Menurut Joko Supriyono selaku kuasa hukum Ibu sijam Akta dengan Nomor 308/KEP – 35.11/X/2013 yang di terbitkan
oleh PPATS (Pejabat Pembuat Akta Tanah Sementara) merupakan akta palsu. Hal ini dibuktikan dengan adanya perbedaan nama pemilik tanah yang asli dengan nama yang terdapat di dalam akte tersebut. Selain itu diduga PPATS Drs. Rustamaji yang juga sebagai camat Lowokwaru sengaja memalsukan edentitas dari ibu Sijam.
Dalam keterangan Akte jual beli yang telah diterbitkan pada 21 november 2013 tertulis nama penjual Syam Subali umur 81 tahun pekerjaan petani, dengan alamat Jl. Bawang Putih No. 79 Rt 04 Rw 05 kelurahan tunggulwulung, kecamatan Lowokwaru, Kota malang. Sedangkan faktanya tanah persil 61-a kelas S.II dengan luas 675 M2 tersebut adalah milik ibu Sijam binti rahmat, janda dari TNI.AD dengan alamat Jl.Belira No.169 Rt.04 Rw.05 Kelurahan Tunggulwulung, Kecamatan Lowokwaru, Kota Malang.
” Ini adalah kesalahan dari PPATS lowokwaru diman dia bisa serta merta menerbitkan Akte Jual Beli Tanah dengan identitas yang berbeda” terang joko pengacara Ibu Sijam.
Joko Supriyono sendiri mengancam akan melaporkan dugaan pemalsuan data yang di lakukan kelurahaan tumggulwulung dan kecamatan lowokwaru ke polres malang. Menurut joko lurah dan camat telah menyalahgunakan wewenang untuk mempelancar dan mempercepat pembuatan Akta jual beli tanah milik Ibu Sijam.
“Setelah kita malakukan gugatan secara perdata ini, kita akan melaporkan perbuatan lurah dan camat lowokwaru kepolres karena telah memalsukan data pemilik tanah yang asli” tegas pengacara senior di Kota Malang.

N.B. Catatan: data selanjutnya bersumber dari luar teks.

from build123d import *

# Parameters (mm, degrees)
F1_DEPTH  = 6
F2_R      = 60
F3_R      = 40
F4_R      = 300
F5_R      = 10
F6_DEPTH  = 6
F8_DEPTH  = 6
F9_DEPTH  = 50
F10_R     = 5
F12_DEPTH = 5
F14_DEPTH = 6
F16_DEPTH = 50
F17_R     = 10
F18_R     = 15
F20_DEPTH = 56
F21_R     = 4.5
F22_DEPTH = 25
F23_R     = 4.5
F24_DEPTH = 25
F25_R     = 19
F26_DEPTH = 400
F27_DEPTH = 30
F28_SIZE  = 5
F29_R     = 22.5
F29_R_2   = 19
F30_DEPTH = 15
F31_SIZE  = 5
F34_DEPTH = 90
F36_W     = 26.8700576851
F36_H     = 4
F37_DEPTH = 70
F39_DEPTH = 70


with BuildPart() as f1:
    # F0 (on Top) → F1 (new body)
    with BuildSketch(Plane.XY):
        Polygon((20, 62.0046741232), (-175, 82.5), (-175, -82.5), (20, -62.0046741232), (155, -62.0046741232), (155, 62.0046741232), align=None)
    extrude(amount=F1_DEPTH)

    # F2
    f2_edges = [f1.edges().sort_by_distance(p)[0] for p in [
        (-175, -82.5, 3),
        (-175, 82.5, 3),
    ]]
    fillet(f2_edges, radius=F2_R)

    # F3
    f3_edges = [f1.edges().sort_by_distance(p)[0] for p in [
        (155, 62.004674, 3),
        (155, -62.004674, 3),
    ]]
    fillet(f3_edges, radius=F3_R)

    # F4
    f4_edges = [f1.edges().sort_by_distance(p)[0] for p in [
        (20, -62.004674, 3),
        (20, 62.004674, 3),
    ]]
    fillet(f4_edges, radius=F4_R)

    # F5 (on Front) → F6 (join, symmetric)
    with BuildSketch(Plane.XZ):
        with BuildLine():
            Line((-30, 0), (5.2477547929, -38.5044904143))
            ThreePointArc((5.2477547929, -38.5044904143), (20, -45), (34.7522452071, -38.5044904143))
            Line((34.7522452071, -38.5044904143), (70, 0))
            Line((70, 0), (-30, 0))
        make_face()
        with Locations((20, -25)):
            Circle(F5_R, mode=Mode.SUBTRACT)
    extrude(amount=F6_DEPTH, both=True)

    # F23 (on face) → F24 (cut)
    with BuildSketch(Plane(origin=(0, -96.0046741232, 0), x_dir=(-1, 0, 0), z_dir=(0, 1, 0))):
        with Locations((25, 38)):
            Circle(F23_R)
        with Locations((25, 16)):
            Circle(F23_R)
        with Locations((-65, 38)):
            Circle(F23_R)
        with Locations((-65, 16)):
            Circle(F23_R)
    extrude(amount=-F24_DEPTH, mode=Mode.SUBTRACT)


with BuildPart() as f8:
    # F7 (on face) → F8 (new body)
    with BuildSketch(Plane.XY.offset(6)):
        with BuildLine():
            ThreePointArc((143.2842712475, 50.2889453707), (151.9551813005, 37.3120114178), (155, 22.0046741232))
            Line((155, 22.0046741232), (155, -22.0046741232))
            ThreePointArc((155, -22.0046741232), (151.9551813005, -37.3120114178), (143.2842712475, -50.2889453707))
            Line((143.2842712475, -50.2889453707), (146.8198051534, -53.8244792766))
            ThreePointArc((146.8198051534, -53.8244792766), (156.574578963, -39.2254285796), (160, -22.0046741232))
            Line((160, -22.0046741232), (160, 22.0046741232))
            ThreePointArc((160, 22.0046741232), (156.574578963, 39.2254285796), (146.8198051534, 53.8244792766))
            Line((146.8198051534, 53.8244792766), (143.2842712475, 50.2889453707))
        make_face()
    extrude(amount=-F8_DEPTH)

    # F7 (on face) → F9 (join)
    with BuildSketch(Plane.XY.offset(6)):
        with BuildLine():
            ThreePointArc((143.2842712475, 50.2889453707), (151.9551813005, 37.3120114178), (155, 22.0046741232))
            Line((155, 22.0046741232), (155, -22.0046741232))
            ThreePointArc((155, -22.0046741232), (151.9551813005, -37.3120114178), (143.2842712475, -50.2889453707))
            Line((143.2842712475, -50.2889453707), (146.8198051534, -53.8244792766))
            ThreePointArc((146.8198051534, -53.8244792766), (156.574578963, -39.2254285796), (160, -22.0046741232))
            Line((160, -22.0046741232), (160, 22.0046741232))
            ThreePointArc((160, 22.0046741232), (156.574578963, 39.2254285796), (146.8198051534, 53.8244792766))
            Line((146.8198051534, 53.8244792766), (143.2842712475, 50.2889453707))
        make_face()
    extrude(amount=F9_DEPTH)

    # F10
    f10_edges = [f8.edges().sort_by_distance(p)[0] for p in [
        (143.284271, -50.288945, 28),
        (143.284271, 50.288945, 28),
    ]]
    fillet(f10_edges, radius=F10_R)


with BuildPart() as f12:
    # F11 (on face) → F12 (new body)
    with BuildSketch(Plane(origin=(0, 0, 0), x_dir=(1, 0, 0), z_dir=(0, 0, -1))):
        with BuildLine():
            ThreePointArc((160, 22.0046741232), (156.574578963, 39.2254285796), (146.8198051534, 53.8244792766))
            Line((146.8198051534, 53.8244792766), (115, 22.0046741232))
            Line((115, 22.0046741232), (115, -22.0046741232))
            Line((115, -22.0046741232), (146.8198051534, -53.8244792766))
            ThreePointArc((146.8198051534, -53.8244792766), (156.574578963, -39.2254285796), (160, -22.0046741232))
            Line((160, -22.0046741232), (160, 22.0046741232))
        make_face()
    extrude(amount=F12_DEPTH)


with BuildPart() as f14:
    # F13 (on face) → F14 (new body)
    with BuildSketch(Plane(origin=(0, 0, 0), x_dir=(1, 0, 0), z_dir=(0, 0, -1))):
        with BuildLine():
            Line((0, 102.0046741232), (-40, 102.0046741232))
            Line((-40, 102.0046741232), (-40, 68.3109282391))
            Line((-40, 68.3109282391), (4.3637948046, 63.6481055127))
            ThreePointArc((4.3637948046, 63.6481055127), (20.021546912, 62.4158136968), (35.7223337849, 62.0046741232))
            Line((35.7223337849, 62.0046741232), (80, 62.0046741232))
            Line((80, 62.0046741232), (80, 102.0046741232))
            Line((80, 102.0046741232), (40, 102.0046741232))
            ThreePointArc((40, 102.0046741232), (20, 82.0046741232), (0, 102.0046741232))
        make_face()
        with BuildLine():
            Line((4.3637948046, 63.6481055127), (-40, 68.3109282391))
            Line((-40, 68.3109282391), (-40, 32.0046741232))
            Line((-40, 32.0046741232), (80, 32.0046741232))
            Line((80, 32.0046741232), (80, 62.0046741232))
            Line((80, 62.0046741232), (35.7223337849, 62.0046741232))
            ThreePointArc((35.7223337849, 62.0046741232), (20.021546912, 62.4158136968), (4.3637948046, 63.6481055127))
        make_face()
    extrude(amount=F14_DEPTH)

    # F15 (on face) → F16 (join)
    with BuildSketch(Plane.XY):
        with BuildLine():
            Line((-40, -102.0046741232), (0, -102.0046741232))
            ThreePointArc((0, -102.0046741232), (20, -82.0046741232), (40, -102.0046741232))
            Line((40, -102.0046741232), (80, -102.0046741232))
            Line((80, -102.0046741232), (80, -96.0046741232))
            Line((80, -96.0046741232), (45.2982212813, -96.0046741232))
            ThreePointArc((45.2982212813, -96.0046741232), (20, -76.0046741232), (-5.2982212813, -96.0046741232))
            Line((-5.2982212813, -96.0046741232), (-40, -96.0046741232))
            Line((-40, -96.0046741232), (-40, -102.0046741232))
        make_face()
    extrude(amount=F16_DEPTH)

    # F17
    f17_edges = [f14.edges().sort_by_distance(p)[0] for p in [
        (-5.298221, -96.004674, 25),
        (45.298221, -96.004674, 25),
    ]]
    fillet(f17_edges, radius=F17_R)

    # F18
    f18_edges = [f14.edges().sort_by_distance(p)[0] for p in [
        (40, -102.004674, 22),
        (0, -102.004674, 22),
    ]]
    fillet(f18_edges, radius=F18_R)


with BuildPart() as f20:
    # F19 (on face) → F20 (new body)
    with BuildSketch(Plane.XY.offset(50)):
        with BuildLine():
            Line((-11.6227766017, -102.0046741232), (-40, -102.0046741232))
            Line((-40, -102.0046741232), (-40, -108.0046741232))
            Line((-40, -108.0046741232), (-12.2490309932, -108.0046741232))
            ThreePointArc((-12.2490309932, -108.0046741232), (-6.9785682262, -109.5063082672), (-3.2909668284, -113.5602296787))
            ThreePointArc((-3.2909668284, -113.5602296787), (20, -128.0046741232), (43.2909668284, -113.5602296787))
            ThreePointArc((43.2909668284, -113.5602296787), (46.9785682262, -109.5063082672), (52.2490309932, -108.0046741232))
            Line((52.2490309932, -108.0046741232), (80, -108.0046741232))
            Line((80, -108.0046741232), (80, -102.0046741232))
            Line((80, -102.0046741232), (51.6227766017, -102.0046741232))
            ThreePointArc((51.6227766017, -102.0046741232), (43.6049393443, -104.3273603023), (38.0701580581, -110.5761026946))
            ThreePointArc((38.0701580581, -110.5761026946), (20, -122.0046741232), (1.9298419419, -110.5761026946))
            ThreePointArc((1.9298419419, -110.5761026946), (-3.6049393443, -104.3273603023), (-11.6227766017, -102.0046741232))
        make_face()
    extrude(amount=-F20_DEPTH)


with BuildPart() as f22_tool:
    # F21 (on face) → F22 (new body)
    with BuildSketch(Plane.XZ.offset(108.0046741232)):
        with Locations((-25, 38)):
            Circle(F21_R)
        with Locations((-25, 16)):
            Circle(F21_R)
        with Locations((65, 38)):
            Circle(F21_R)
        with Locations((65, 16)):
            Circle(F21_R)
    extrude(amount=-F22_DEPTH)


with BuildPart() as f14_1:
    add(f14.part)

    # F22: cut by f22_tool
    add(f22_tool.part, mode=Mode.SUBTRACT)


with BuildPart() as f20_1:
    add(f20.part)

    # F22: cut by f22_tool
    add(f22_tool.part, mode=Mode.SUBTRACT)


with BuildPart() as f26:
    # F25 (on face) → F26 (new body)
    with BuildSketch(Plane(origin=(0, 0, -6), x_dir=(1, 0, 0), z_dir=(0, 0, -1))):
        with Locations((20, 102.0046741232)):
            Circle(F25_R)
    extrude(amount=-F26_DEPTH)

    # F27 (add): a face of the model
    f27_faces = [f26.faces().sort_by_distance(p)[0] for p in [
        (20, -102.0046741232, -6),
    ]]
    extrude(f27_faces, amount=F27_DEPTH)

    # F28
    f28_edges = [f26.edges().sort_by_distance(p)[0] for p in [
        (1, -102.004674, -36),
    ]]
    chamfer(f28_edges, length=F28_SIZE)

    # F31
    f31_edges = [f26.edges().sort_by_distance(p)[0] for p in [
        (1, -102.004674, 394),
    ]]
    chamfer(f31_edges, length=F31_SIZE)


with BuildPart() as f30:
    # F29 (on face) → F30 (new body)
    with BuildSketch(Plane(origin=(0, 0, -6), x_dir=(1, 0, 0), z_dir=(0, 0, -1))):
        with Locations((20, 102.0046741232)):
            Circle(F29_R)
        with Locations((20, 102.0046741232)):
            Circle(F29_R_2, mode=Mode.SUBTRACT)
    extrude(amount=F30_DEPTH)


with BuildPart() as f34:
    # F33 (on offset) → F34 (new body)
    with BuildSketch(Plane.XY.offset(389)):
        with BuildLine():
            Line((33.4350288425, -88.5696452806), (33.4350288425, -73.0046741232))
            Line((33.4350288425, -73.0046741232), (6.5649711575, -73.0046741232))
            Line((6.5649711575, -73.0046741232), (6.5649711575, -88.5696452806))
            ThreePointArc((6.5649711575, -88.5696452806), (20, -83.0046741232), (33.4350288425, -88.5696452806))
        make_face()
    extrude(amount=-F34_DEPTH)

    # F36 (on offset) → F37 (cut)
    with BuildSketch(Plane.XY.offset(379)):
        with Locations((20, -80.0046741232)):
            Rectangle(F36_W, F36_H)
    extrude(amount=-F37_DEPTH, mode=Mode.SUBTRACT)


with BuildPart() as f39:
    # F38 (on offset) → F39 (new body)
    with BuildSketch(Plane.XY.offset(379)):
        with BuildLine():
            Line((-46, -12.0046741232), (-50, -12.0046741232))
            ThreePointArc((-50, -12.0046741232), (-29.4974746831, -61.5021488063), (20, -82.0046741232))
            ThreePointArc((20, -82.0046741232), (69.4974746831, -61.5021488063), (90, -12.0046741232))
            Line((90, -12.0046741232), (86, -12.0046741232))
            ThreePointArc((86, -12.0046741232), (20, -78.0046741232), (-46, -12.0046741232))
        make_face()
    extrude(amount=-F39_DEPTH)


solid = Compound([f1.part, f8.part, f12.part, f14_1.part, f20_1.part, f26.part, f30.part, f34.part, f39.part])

Sedangkan saat di temui di kantornya camat lowokwaru Rustamadji membenarkan,jika telah terjadi gugatan terkait dengan Akte jual beli yang dia terbitkan. Sedangkan Rustamadji ketika dimintai keterangan terkait gugatan itu, dia hanya meyerahkan semuanya kepada proses yang berlaku.
“Gugatannya kan sudah masuk kepengadilan mas, jadi kita tunggu saja hasilnya” tegas.
Dia (Rustamadji) sendiri menilai kasus ini hanyalah masalah keluarga, karena pembagian yang tidak merata sehingga terjadilah gugatan ini. Dia sendiri (Rustamadji) menilai gugatan ini adalah hal yang biasa yang tidak perlu diperbesar.
“Itukan sebenarnya masalah keluarga, karena pembagian yang tidak merata, jadi bagi saya tidak ada masalah jika dirinya di gugat” pungkas Rustamadji sambil berpesan supaya tidak difoto.(Jk).